Sánchez ya recurrió al Constitucional una iniciativa por la que el Parlament reprobó al Jefe del Estado en octubre de 2018 y en marzo de esta año también impugnó otro texto por el que se acordó crear una comisión de investigación sobre la monarquía en la Cámara autonómica. El Tribunal Constitucional le dio la razón sobre el primer asunto el pasado julio y sobre el segundo esta misma semana. Lo que hasta ahora no había hecho nunca el Gobierno, como se encargó de resaltar el propio Planas, es plantear un incidente de ejecución de sentencia, una fórmula de la que en cambio echó mano en varias ocasiones el Ejecutivo de Rajoy en su intento de frenar la ofensiva secesionista.

Responsabilidades penales

La diferencia entre el incidente y el recurso radica en que el primero se plantea cuando se considera que se ha obviado una decisión previa del Constitucional. Además de la suspensión automática del texto recurrido, cuando se trata de un incidente el Gobierno puede pedir que se advierta a los responsables de esa acción de las posibles consecuencias penales de sus actos. En esta ocasión, se recordará a Torrent, al secretario general y al resto de miembros de la Mesa del Parlament «su deber de paralizar o impedir cualquier iniciativa jurídica o material que directa o indirectamente –según apuntó la ministra portavoz, Isabel Celaá– suponga eludir y incumplir las sentencia de TC».
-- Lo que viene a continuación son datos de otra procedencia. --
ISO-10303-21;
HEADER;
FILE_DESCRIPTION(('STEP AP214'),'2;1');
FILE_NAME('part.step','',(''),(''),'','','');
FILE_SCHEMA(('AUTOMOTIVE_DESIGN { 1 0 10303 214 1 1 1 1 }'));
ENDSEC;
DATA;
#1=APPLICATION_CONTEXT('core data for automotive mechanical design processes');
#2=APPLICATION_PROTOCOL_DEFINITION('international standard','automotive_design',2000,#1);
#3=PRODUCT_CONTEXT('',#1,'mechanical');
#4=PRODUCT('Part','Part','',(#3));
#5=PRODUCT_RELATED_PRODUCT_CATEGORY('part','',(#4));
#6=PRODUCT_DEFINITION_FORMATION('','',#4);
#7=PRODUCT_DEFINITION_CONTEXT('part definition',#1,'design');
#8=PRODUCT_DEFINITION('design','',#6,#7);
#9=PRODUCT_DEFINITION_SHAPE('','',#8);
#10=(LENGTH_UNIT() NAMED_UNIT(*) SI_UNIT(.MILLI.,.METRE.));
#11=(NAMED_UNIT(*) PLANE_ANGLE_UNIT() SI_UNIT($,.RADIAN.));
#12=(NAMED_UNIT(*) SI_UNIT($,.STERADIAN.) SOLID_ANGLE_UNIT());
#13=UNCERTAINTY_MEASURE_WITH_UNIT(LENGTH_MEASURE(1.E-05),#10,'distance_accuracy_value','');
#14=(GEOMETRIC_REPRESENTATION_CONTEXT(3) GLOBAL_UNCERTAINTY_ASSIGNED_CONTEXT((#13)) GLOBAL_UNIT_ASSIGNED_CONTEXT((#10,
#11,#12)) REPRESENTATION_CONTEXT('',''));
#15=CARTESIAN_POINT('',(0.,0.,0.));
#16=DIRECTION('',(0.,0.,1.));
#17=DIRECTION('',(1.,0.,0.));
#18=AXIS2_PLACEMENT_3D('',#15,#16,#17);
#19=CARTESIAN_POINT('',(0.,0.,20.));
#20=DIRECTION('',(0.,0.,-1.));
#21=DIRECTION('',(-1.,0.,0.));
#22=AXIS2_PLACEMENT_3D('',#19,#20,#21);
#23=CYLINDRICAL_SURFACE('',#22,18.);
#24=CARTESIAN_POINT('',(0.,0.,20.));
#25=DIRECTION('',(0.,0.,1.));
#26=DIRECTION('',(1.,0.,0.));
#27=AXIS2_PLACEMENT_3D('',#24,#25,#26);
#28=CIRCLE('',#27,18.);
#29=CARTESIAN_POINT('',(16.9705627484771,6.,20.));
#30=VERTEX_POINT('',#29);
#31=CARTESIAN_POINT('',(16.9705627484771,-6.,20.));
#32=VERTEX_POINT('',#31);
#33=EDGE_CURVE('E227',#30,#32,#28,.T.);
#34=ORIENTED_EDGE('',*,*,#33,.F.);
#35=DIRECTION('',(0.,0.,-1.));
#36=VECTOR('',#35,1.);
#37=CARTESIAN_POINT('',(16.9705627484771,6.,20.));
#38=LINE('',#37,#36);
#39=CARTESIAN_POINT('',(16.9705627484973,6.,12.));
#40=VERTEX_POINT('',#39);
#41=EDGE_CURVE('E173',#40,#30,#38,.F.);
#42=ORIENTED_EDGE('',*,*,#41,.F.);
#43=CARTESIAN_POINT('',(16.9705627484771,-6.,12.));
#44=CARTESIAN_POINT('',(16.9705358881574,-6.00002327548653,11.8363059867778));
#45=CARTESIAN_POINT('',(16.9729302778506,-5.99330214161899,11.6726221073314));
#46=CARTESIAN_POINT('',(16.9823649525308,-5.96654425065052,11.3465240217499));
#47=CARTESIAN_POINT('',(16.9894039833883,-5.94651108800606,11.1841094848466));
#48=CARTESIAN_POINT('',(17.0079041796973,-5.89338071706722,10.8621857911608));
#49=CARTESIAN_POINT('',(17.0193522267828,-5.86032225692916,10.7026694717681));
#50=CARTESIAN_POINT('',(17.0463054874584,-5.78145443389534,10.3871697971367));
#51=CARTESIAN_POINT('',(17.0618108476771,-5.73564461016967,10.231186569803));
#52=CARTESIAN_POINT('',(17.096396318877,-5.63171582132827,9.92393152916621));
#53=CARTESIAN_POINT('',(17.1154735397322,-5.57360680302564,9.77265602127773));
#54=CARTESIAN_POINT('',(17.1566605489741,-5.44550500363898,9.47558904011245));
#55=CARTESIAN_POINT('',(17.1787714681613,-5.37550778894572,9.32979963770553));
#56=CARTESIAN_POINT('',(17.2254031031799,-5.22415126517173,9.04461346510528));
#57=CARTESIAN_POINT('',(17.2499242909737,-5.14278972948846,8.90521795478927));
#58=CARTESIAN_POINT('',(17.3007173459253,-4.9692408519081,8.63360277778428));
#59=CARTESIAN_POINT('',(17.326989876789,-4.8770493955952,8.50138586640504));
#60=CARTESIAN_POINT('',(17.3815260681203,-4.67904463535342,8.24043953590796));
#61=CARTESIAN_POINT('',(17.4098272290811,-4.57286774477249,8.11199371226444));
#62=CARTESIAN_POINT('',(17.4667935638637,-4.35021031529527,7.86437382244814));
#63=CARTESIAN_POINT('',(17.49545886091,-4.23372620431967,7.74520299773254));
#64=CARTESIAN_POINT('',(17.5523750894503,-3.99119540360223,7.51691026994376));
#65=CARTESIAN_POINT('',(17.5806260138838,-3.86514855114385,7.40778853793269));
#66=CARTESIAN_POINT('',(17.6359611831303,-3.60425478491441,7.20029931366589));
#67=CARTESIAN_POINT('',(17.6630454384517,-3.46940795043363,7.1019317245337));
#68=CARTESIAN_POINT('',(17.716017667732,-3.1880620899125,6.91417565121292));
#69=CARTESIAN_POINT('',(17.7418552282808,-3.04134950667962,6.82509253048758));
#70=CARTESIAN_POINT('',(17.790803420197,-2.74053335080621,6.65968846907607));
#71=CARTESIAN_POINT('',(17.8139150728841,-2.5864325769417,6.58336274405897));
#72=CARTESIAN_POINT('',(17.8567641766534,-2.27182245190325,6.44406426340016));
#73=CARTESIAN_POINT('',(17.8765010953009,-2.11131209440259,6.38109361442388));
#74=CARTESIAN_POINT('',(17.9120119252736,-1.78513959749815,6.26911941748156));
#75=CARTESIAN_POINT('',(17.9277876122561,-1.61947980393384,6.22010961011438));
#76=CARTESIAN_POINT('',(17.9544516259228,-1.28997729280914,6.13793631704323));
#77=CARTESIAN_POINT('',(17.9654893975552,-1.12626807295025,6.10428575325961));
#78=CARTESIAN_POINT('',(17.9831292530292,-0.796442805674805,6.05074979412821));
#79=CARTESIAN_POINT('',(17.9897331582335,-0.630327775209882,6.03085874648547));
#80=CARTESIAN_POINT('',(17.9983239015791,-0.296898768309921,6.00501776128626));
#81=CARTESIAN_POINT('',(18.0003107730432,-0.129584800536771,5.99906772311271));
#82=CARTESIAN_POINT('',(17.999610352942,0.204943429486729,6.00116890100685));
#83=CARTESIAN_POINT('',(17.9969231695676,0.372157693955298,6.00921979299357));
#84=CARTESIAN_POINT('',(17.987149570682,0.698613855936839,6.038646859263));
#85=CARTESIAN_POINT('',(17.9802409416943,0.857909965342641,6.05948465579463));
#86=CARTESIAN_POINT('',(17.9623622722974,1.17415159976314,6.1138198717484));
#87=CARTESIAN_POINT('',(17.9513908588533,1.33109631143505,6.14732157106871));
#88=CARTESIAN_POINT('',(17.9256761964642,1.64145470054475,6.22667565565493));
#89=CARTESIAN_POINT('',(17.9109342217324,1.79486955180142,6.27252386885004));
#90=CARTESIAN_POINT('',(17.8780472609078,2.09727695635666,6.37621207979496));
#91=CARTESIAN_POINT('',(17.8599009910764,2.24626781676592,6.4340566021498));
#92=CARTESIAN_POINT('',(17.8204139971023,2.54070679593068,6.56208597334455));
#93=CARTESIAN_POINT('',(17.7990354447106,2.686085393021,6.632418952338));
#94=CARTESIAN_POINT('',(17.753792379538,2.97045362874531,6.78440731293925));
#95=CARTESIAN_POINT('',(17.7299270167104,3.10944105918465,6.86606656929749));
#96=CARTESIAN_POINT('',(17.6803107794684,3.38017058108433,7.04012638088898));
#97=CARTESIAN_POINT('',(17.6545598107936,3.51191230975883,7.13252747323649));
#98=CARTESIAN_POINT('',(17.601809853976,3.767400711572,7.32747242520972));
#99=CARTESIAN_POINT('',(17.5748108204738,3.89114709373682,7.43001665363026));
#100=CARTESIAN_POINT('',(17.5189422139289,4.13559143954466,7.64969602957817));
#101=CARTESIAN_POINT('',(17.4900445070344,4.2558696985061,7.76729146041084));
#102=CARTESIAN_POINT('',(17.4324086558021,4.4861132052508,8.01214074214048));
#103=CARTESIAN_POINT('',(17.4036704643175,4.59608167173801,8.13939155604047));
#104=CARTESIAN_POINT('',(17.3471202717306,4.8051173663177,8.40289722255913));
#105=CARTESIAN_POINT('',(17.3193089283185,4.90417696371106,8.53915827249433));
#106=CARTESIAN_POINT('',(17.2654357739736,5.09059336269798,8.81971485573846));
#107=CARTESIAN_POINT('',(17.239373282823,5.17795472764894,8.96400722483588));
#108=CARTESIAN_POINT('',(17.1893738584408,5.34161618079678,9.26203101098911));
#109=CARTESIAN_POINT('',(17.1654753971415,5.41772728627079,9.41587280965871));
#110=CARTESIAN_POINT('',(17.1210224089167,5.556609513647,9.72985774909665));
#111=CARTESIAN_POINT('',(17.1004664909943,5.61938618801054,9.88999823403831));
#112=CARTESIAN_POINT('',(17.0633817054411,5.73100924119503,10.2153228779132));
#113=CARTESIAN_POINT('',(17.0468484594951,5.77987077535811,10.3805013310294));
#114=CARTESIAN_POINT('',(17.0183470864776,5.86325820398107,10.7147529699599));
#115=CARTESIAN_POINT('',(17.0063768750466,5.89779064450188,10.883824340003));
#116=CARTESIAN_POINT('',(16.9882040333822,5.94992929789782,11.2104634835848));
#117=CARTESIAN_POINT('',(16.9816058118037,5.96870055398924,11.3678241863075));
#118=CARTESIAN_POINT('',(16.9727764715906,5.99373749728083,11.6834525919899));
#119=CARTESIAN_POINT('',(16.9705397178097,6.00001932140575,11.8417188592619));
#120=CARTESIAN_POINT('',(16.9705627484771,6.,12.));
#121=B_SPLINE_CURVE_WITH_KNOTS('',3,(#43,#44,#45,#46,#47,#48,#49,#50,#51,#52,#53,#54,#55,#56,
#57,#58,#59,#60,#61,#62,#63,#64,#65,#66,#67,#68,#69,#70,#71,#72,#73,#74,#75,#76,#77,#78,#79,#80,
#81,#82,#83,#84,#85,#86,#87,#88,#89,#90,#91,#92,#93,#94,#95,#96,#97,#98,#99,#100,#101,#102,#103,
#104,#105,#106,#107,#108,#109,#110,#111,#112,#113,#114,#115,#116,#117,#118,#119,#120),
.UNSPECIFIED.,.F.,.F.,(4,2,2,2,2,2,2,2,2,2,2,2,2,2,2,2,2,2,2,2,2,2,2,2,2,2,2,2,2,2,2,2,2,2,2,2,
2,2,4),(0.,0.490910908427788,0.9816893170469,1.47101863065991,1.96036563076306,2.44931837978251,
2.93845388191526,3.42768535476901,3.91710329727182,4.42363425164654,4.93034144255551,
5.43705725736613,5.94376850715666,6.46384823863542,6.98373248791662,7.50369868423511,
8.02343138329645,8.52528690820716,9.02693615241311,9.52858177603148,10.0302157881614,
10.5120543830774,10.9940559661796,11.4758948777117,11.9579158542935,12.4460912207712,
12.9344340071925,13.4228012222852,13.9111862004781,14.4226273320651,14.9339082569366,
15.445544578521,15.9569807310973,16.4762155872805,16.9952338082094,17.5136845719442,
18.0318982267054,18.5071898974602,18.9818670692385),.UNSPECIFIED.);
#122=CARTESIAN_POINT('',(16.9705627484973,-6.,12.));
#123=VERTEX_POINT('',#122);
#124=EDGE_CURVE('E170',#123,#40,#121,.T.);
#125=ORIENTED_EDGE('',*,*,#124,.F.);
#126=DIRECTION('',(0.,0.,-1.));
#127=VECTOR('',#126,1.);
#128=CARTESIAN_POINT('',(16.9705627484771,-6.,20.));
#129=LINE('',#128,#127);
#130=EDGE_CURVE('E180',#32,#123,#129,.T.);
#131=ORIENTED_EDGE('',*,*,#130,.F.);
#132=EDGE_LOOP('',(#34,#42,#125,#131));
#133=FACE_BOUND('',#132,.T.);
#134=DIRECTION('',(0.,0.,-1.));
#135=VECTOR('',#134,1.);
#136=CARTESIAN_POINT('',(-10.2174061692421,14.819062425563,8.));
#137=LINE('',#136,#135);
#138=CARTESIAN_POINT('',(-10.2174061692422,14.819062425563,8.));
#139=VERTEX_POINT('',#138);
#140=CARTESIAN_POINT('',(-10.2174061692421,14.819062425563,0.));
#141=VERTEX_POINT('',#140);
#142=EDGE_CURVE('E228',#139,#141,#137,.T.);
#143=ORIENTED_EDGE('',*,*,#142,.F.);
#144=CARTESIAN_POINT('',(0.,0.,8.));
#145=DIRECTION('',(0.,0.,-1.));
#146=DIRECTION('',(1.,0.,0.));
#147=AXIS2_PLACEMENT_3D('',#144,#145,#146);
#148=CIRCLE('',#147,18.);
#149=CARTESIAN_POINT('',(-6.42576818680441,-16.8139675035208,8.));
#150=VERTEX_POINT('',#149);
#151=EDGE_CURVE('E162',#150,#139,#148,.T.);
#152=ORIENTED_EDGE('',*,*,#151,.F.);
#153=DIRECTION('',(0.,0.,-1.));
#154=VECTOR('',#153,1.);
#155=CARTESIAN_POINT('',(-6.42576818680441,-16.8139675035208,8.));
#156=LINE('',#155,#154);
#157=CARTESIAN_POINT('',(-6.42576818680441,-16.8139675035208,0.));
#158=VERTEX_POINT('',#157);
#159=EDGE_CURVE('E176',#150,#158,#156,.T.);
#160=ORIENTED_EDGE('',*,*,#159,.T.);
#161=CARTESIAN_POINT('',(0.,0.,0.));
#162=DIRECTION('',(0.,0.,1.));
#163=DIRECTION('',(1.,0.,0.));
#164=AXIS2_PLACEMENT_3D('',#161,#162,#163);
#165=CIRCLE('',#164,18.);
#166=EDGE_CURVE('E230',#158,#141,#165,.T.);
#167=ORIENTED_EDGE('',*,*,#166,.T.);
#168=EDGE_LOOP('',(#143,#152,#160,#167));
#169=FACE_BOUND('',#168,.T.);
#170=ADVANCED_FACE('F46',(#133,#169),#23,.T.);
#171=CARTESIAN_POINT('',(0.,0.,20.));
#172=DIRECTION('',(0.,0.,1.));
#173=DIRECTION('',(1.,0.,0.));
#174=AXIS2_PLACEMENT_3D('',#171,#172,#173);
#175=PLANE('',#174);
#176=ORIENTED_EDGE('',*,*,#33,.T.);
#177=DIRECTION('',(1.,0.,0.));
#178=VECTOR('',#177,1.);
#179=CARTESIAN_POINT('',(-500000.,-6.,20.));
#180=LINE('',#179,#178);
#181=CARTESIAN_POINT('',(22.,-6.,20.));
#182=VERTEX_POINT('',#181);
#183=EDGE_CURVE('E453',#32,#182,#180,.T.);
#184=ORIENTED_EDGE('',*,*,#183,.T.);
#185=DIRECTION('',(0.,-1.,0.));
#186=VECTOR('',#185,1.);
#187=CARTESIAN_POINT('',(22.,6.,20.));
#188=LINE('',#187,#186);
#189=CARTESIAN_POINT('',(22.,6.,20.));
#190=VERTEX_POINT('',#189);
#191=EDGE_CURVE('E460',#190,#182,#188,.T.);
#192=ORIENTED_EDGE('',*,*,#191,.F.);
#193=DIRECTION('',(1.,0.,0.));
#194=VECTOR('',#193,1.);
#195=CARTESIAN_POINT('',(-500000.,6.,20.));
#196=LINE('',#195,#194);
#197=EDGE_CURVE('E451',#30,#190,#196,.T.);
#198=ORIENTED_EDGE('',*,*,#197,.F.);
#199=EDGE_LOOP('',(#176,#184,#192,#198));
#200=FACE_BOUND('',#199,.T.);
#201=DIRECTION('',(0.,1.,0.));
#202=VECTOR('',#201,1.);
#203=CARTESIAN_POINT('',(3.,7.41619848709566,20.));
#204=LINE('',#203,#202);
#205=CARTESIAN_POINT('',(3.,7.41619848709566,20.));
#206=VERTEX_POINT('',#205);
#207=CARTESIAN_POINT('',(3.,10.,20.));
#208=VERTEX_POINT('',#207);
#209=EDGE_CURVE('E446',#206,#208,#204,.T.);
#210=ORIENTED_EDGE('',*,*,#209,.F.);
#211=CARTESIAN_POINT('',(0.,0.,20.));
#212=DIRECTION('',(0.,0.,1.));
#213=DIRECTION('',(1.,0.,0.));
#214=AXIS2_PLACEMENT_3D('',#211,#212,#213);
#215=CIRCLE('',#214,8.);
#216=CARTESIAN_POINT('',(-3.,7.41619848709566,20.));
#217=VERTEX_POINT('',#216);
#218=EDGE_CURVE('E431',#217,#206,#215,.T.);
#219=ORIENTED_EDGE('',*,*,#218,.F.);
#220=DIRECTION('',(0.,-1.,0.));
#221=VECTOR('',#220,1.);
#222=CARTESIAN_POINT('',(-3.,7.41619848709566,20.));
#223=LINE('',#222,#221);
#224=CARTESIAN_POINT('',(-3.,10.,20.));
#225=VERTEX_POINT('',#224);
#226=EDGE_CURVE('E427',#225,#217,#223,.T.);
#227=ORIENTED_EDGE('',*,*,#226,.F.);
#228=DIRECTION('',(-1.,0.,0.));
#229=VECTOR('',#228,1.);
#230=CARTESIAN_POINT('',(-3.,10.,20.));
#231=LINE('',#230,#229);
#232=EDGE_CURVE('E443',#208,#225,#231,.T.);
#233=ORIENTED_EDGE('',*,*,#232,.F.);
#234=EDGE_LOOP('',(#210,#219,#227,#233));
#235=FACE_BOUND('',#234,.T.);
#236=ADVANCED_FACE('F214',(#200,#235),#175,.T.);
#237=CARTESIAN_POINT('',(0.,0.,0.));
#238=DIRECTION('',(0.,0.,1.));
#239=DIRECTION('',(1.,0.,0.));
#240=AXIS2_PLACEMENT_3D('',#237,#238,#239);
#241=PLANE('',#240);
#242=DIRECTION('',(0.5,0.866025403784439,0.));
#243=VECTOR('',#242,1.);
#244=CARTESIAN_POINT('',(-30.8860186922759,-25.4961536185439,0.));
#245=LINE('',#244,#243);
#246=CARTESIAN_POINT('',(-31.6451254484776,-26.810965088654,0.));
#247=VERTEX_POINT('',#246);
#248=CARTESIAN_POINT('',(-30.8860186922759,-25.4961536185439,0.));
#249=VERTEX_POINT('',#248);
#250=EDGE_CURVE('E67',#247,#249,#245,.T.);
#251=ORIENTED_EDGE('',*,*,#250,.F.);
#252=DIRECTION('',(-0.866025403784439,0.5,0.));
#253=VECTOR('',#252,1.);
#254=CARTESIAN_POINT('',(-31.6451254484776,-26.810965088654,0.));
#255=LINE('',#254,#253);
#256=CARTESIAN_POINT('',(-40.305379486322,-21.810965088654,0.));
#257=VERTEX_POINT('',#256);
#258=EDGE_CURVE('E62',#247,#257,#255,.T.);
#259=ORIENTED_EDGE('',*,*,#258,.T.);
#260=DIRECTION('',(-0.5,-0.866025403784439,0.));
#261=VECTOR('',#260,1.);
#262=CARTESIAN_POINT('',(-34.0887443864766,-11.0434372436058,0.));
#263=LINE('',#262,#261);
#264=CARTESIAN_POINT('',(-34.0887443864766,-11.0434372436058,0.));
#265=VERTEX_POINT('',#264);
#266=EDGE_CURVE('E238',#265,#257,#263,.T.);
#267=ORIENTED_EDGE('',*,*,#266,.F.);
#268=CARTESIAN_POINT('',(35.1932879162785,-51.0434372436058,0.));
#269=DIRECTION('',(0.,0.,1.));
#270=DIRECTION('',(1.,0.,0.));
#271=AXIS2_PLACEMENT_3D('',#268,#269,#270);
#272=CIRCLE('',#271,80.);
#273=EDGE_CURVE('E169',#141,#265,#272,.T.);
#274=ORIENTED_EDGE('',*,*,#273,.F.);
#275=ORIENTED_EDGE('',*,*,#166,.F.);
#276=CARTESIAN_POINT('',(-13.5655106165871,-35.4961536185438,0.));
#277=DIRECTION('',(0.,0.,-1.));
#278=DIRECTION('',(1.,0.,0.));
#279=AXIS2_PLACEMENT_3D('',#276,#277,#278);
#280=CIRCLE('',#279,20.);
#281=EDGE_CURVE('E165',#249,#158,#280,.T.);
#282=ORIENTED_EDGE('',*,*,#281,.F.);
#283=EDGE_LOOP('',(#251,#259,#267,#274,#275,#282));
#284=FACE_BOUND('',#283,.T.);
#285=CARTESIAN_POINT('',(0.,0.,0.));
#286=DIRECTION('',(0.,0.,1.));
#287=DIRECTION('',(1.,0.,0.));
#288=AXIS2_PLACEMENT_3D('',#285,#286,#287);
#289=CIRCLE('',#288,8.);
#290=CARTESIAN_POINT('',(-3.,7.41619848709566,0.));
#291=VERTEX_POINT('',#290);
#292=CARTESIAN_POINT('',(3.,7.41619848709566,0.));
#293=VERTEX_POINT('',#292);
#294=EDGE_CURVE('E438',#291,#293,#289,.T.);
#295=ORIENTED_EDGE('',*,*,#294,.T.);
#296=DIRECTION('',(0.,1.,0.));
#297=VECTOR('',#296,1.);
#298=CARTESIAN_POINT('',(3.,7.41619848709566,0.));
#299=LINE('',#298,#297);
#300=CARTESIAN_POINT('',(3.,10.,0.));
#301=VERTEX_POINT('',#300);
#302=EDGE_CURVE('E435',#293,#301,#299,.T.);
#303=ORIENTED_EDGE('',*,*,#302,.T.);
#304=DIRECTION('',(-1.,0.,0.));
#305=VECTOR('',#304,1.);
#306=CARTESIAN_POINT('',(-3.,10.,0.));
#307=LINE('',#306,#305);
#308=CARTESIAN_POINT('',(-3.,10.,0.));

Planas aclaró que habría que estudiar qué responsabilidades serían esas pero apuntó que lo más probable sería que se hable de un delito de desobediencia, penado con multa de tres a 12 meses e inhabilitación especial para empleo o cargo público de entre seis meses y dos años. «Lo que espero y deseo –dijo aun así– es que cumplan lo que se les indica». El ministro también confirmó que el Gobierno mantiene su intención de impugnar las resoluciones más recientes del soberanismo, publicadas hoy mismo en el Boletín Oficial del Parlament, pero no quiso anticipar aún cuál será la vía elegida, si el recurso o el incidente de ejecución de sentencia.

Celaá, además, remarcó el discurso de firmeza que viene manteniendo el Ejecutivo respecto a Cataluña en las últimas jornadas e insistió en que un Gobierno en funciones «no es un Gobierno disfuncional» y que las leyes le habilitan para «afrontar todos los retos».